* **Exercise goal**
Only the lines with the string "Radial" are needed; return each of them from the entries below.

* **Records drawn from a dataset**
□ □ □ □
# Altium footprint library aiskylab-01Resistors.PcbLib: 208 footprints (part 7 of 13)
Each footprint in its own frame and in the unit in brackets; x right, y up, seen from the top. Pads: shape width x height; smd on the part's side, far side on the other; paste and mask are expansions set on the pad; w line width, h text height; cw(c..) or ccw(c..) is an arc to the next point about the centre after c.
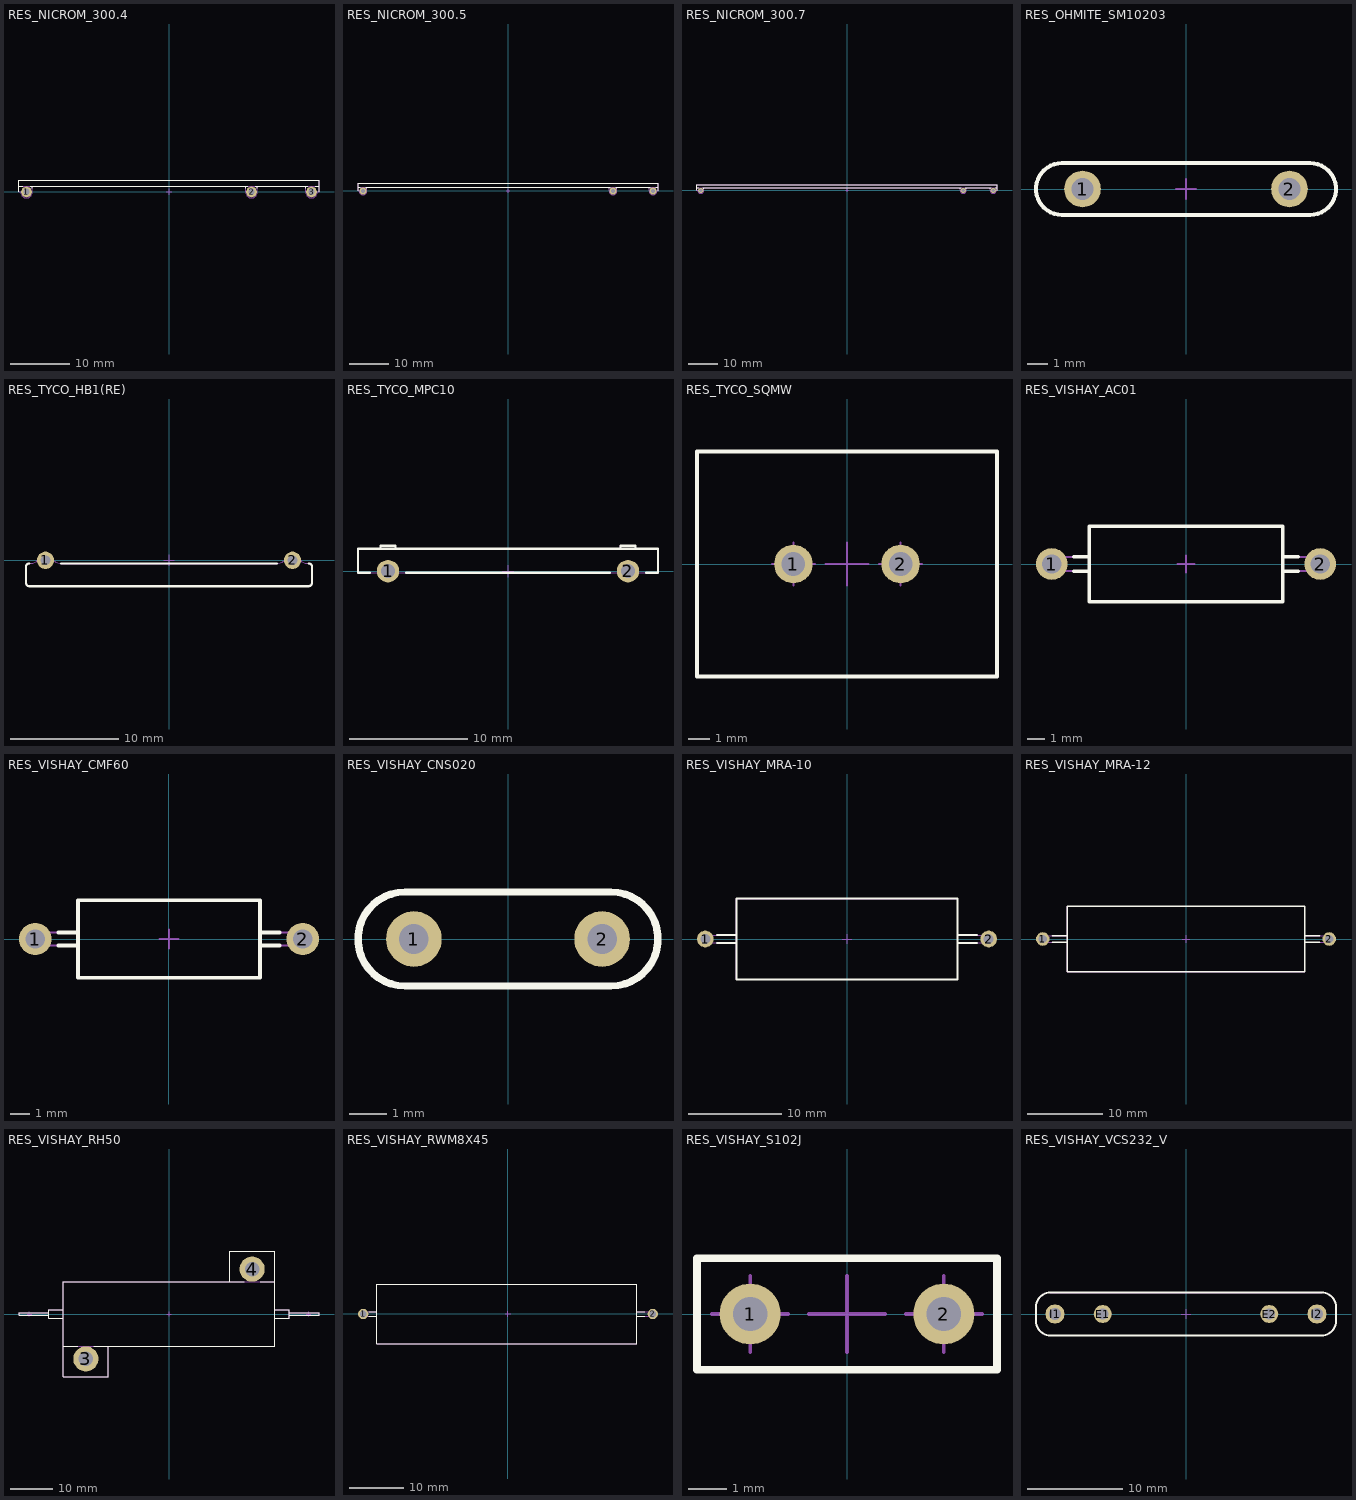
[diagram p6: the footprints below, top view; thin cyan lines are the x and y axes]

## RES_NICROM_300.4 [mm] "High Voltage Divider NICROM 300.4"
height 15.24
pads (3):
  round 1.8 hole 1.1: 1(-24.13,0) 2(13.97,0) 3(24.13,0)
Top Overlay:
  lines w0.2: -25.4,0 -25.4,1 ; -24.793,1 -25.4,1 ; -23.467,1 13.307,1 ; -23.13,0.663 -23.13,1 ; 12.97,0.663 12.97,1 ; 14.633,1 23.467,1 ; 14.97,0.663 14.97,1 ; 23.13,0.663 23.13,1 ; 24.793,1 25.4,1 ; 25.4,0 25.4,1 ; -25.4,1 -25.4,2 ; -25.4,1 -25.4,2 ; -25.4,2 25.4,2 25.4,1
Top Designator:
  text ".Designator" at -7.618,0.017 h1.52
Top Assembly:
  lines w0.1: -23.13,1 -23.13,0 cw(c-24.13,0) -25.13,0 ; 12.97,1 12.97,0 ccw(c13.97,0) 14.97,0 14.97,1 ; 23.13,1 23.13,0 ccw(c24.13,0) 25.13,0 25.4,0 25.4,1 ; -25.4,0 -25.13,0 ; -25.4,0 -25.4,1 ; -25.4,0 -25.13,0 ; -25.4,1 -25.4,2 ; -25.4,1 -25.4,2 ; -25.4,1 25.4,1 ; -25.4,2 25.4,2 ; 25.4,1 25.4,2 ; 25.4,1 25.4,2
Top Dimensions:
  lines w0.1: -24.63,0 -24.13,0 ; -24.13,-0.5 -24.13,0 ; -24.13,0.5 -24.13,0 ; -23.63,0 -24.13,0 ; -0.5,0 0,0 ; 0,-0.5 0,0 ; 0,0.5 0,0 ; 0.5,0 0,0 ; 13.47,0 13.97,0 ; 13.97,-0.5 13.97,0 ; 13.97,0.5 13.97,0 ; 14.47,0 13.97,0 ; 23.63,0 24.13,0 ; 24.13,-0.5 24.13,0 ; 24.13,0.5 24.13,0 ; 24.63,0 24.13,0
3D body "v200-130.stp": height 0.02, standoff -1.65, extent -25.13,-1 -23.13,1
3D body "v200-130.stp": height 0.02, standoff -1.65, extent 12.97,-1 14.97,1
3D body "v200-130.stp": height 0.02, standoff -1.65, extent 23.13,-1 25.13,1
3D body "RES_NICROM_300.4.stp": height 20.24, standoff -3.6, extent -25.4,-0.992 25.4,2

## RES_NICROM_300.5 [mm] "High Voltage Divider NICROM 300.5"
height 15.24
pads (3):
  round 1.8 hole 1.1: 1(-36.83,0) 2(26.67,0) 3(36.83,0)
Top Overlay:
  lines w0.2: -38.1,0 -38.1,1 ; -37.493,1 -38.1,1 ; -36.167,1 26.007,1 ; -35.83,0.663 -35.83,1 ; 25.67,0.663 25.67,1 ; 27.333,1 36.167,1 ; 27.67,0.663 27.67,1 ; 35.83,0.663 35.83,1 ; 37.493,1 38.1,1 ; 38.1,0 38.1,1 ; -38.1,1 -38.1,2 ; -38.1,1 -38.1,2 ; -38.1,2 38.1,2 38.1,1
Top Designator:
  text ".Designator" at -7.618,0.017 h1.52
Top Assembly:
  lines w0.1: -35.83,1 -35.83,0 cw(c-36.83,0) -37.83,0 ; 25.67,1 25.67,0 ccw(c26.67,0) 27.67,0 27.67,1 ; 35.83,1 35.83,0 ccw(c36.83,0) 37.83,0 38.1,0 38.1,1 ; -38.1,0 -37.83,0 ; -38.1,0 -38.1,1 ; -38.1,0 -37.83,0 ; -38.1,1 -38.1,2 ; -38.1,1 -38.1,2 ; -38.1,1 38.1,1 ; -38.1,2 38.1,2 ; 38.1,1 38.1,2 ; 38.1,1 38.1,2
Top Dimensions:
  lines w0.1: -37.33,0 -36.83,0 ; -36.83,-0.5 -36.83,0 ; -36.83,0.5 -36.83,0 ; -36.33,0 -36.83,0 ; -0.5,0 0,0 ; 0,-0.5 0,0 ; 0,0.5 0,0 ; 0.5,0 0,0 ; 26.17,0 26.67,0 ; 26.67,-0.5 26.67,0 ; 26.67,0.5 26.67,0 ; 27.17,0 26.67,0 ; 36.33,0 36.83,0 ; 36.83,-0.5 36.83,0 ; 36.83,0.5 36.83,0 ; 37.33,0 36.83,0
3D body "v200-130.stp": height 0.02, standoff -1.65, extent -37.83,-1 -35.83,1
3D body "v200-130.stp": height 0.02, standoff -1.65, extent 25.67,-1 27.67,1
3D body "v200-130.stp": height 0.02, standoff -1.65, extent 35.83,-1 37.83,1
3D body "RES_NICROM_300.5.stp": height 20.24, standoff -3.6, extent -38.1,-1 38.1,2

## RES_NICROM_300.7 [mm] "High Voltage Divider NICROM 300.7"
height 15.24
pads (3):
  round 1.8 hole 1.1: 1(-49.53,0) 2(39.37,0) 3(49.53,0)
Top Overlay:
  lines w0.2: -50.8,0 -50.8,1 ; -50.193,1 -50.8,1 ; -48.867,1 38.707,1 ; -48.53,0.663 -48.53,1 ; 38.37,0.663 38.37,1 ; 40.033,1 48.867,1 ; 40.37,0.663 40.37,1 ; 48.53,0.663 48.53,1 ; 50.193,1 50.8,1 ; 50.8,0 50.8,1 ; -50.8,1 -50.8,2 ; -50.8,1 -50.8,2 ; -50.8,2 50.8,2 50.8,1
Top Designator:
  text ".Designator" at -7.618,0.017 h1.52
Top Assembly:
  lines w0.1: -48.53,1 -48.53,0 cw(c-49.53,0) -50.53,0 ; 38.37,1 38.37,0 ccw(c39.37,0) 40.37,0 40.37,1 ; 48.53,1 48.53,0 ccw(c49.53,0) 50.53,0 50.8,0 50.8,1 ; -50.8,0 -50.53,0 ; -50.8,0 -50.8,1 ; -50.8,0 -50.53,0 ; -50.8,1 50.8,1 ; -50.8,1 -50.8,2 ; -50.8,1 -50.8,2 ; -50.8,2 50.8,2 ; 50.8,1 50.8,2 ; 50.8,1 50.8,2
Top Dimensions:
  lines w0.1: -50.03,0 -49.53,0 ; -49.53,-0.5 -49.53,0 ; -49.53,0.5 -49.53,0 ; -49.03,0 -49.53,0 ; -0.5,0 0,0 ; 0,-0.5 0,0 ; 0,0.5 0,0 ; 0.5,0 0,0 ; 38.87,0 39.37,0 ; 39.37,-0.5 39.37,0 ; 39.37,0.5 39.37,0 ; 39.87,0 39.37,0 ; 49.03,0 49.53,0 ; 49.53,-0.5 49.53,0 ; 49.53,0.5 49.53,0 ; 50.03,0 49.53,0
3D body "RES_NICROM_300.7.stp": height 20.24, standoff -3.6, extent -50.8,-1 50.8,2
3D body "v200-130.stp": height 0.02, standoff -1.65, extent 38.37,-1 40.37,1
3D body "v200-130.stp": height 0.02, standoff -1.65, extent -50.425,-0.95 -48.425,1.05
3D body "v200-130.stp": height 0.02, standoff -1.65, extent 48.53,-1 50.53,1

## RES_OHMITE_SM10203 [mm] "Resistor, Radial, Pad spacing 10.16mm - Body 14.73mm X 2.54mm X 8.64mm H"
height 8.64
pads (2):
  round 1.8 hole 1.1: 1(-5.08,0) 2(5.08,0)
Top Overlay:
  lines w0.2: -6.095,-1.27 cw(c-6.095,0) -6.095,1.27 6.095,1.27 cw(c6.095,0) 6.095,-1.27 -6.095,-1.27
Top Designator:
  text ".Designator" at -7.618,-0.508 h1.52
Top Assembly:
  lines w0.1: -6.095,-1.27 cw(c-6.095,0) -6.095,1.27 6.095,1.27 cw(c6.095,0) 6.095,-1.27 -6.095,-1.27
Top Component Center:
  lines w0.1: -5.58,0 -5.08,0 ; -5.08,-0.5 -5.08,0 ; -5.08,0.5 -5.08,0 ; -4.58,0 -5.08,0 ; -0.5,0 0,0 ; 0,-0.5 0,0 ; 0,0.5 0,0 ; 0.5,0 0,0 ; 4.58,0 5.08,0 ; 5.08,-0.5 5.08,0 ; 5.08,0.5 5.08,0 ; 5.58,0 5.08,0
3D body "v200-130.stp": height 0.02, standoff -1.65, extent -6.08,-1 -4.08,1
3D body "v200-130.stp": height 0.02, standoff -1.65, extent 4.08,-1 6.08,1
3D body "RES_OHMITE_SM10203.stp": height 9.14, standoff -3.6, extent -7.365,-1.27 7.365,1.27

## RES_TYCO_HB1(RE) [mm] "Resistor, Radial, Leads spacing 22.9mm - Body 26.5mm X 3mm X 10.4mm H"
height 10.4
pads (2):
  round 1.6 hole 0.9: 1(-11.45,0) 2(11.45,0)
Top Overlay:
  lines w0.2: -12.95,-0.3 ccw(c-12.95,-0.6) -13.25,-0.6 -13.25,-2.1 ccw(c-12.95,-2.1) -12.95,-2.4 12.95,-2.4 ccw(c12.95,-2.1) 13.25,-2.1 13.25,-0.6 ccw(c12.95,-0.6) 12.95,-0.3 ; -10.011,-0.3 10.011,-0.3
Top Designator:
  text ".Designator" at -7.618,-1.258 h1.52
Top Assembly:
  lines w0.1: 11.983,0.259 ccw(c11.446,0.007) 10.91,0.263 cw(c10.011,0.7) 10.011,-0.3 -10.011,-0.3 cw(c-10.011,0.7) -10.91,0.263 ccw(c-11.45,0) -11.99,0.263 cw(c-12.893,0.704) -12.95,-0.3 ccw(c-12.95,-0.6) -13.25,-0.6 -13.25,-2.1 ccw(c-12.95,-2.1) -12.95,-2.4 12.95,-2.4 ccw(c12.95,-2.1) 13.25,-2.1 13.25,-0.6 ccw(c12.95,-0.6) 12.95,-0.3 cw(c12.893,0.704) 11.99,0.263
Top Dimensions:
  lines w0.1: -11.95,0 -11.45,0 ; -11.45,-0.5 -11.45,0 ; -11.45,0.5 -11.45,0 ; -10.95,0 -11.45,0 ; -0.5,0 0,0 ; 0,-0.5 0,0 ; 0,0.5 0,0 ; 0.5,0 0,0 ; 10.95,0 11.45,0 ; 11.45,-0.5 11.45,0 ; 11.45,0.5 11.45,0 ; 11.95,0 11.45,0
3D body "v200-130.stp": height 0.02, standoff -1.65, extent -12.45,-1 -10.45,1
3D body "v200-130.stp": height 0.02, standoff -1.65, extent 10.45,-1 12.45,1
3D body "RES_TYCO_HB1(RE).stp": height 18.4, standoff -2.1, extent -13.25,-2.4 13.25,0.6

## RES_TYCO_MPC10 [mm] "Resistor, Radial, Leads spacing 20.32mm - Body 25.4mm X 2.54mm X 27.68mm H"
height 27.68
pads (2):
  round 1.9 hole 1.2: 1(-10.16,0) 2(10.16,0)
Top Overlay:
  lines w0.2: -11.705,-0.127 -12.7,-0.127 -12.7,1.905 12.7,1.905 12.7,-0.127 11.705,-0.127 ; -10.795,1.905 -10.795,2.159 -9.525,2.159 -9.525,1.905 ; -8.615,-0.127 8.615,-0.127 ; 9.525,1.905 9.525,2.159 10.795,2.159 10.795,1.905
Top Designator:
  text ".Designator" at -7.618,0.096 h1.52
Top Assembly:
  lines w0.1: -10.795,-0.127 -10.795,-0.381 -9.525,-0.381 -9.525,-0.127 ; -10.795,1.905 -10.795,2.159 -9.525,2.159 -9.525,1.905 ; 9.525,-0.127 9.525,-0.381 10.795,-0.381 10.795,-0.127 ; 9.525,1.905 9.525,2.159 10.795,2.159 10.795,1.905 ; -12.7,-0.127 -12.7,1.905 12.7,1.905 12.7,-0.127 -12.7,-0.127
Top Dimensions:
  lines w0.1: -10.66,0 -10.16,0 ; -10.16,-0.5 -10.16,0 ; -10.16,0.5 -10.16,0 ; -9.66,0 -10.16,0 ; -0.5,0 0,0 ; 0,-0.5 0,0 ; 0,0.5 0,0 ; 0.5,0 0,0 ; 9.66,0 10.16,0 ; 10.16,-0.5 10.16,0 ; 10.16,0.5 10.16,0 ; 10.66,0 10.16,0
3D body "v200-130.stp": height 0.02, standoff -1.65, extent -11.16,-1 -9.16,1
3D body "v200-130.stp": height 0.02, standoff -1.65, extent 9.16,-1 11.16,1
3D body "RES_TYCO_MPC10.stp": height 27.68, standoff -3.17, extent -12.7,-0.381 12.7,2.159

## RES_TYCO_SQMW [mm] "Resistor, Radial, Pad spacing 5mm - Body 14mm X 10.5mm X 40mm H"
height 40
pads (2):
  round 1.8 hole 1.1: 1(-2.5,0) 2(2.5,0)
Top Overlay:
  lines w0.2: -7,-5.25 7,-5.25 7,5.25 -7,5.25 -7,-5.25
Top Designator:
  text ".Designator" at -7.618,-0.508 h1.52
Top Assembly:
  lines w0.1: -7,-5.25 -7,5.25 7,5.25 7,-5.25 -7,-5.25
Top Dimensions:
  lines w0.1: -3.5,0 -2.5,0 ; -2.5,-1 -2.5,0 ; -2.5,1 -2.5,0 ; -1.5,0 -2.5,0 ; -1,0 0,0 ; 0,-1 0,0 ; 0,1 0,0 ; 1,0 0,0 ; 1.5,0 2.5,0 ; 2.5,-1 2.5,0 ; 2.5,1 2.5,0 ; 3.5,0 2.5,0
3D body "v200-130.stp": height 0.02, standoff -1.65, extent -3.5,-1 -1.5,1
3D body "v200-130.stp": height 0.02, standoff -1.65, extent 1.5,-1 3.5,1
3D body "RES_TYCO_SQMW.stp": height 40, standoff -3.5, extent -7,-5.25 7,5.25

## RES_VISHAY_AC01 [mm] "Resistor, Axial, Pad spacing 15.24 mm - Body Lengh 11mm X Body Diameter 4.3mm"
height 4.3
pads (2):
  round 1.8 hole 1.1: 1(-7.62,0) 2(7.62,0)
Top Overlay:
  lines w0.2: -6.383,-0.4 -5.5,-0.4 ; -6.383,0.4 -5.5,0.4 ; 5.5,-0.4 6.383,-0.4 ; 5.5,0.4 6.383,0.4 ; -5.5,-2.15 5.5,-2.15 5.5,2.15 -5.5,2.15 -5.5,-2.15
Top Designator:
  text ".Designator" at -7.618,-0.508 h1.52
Top Assembly:
  lines w0.1: -5.5,-0.4 -7.62,-0.4 cw(c-7.62,0) -7.62,0.4 -5.5,0.4 ; 5.5,-0.4 7.62,-0.4 ccw(c7.62,0) 7.62,0.4 5.5,0.4 ; -5.5,-2.15 -5.5,2.15 5.5,2.15 5.5,-2.15 -5.5,-2.15
Top Dimensions:
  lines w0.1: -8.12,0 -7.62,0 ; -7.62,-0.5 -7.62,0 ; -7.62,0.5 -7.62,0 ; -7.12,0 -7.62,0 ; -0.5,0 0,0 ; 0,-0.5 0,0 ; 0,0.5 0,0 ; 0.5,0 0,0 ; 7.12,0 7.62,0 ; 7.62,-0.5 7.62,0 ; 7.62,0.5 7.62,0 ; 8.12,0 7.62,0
□ □ □ □
* **Answer box**
## RES_OHMITE_SM10203 [mm] "Resistor, Radial, Pad spacing 10.16mm - Body 14.73mm X 2.54mm X 8.64mm H"
## RES_TYCO_HB1(RE) [mm] "Resistor, Radial, Leads spacing 22.9mm - Body 26.5mm X 3mm X 10.4mm H"
## RES_TYCO_MPC10 [mm] "Resistor, Radial, Leads spacing 20.32mm - Body 25.4mm X 2.54mm X 27.68mm H"
## RES_TYCO_SQMW [mm] "Resistor, Radial, Pad spacing 5mm - Body 14mm X 10.5mm X 40mm H"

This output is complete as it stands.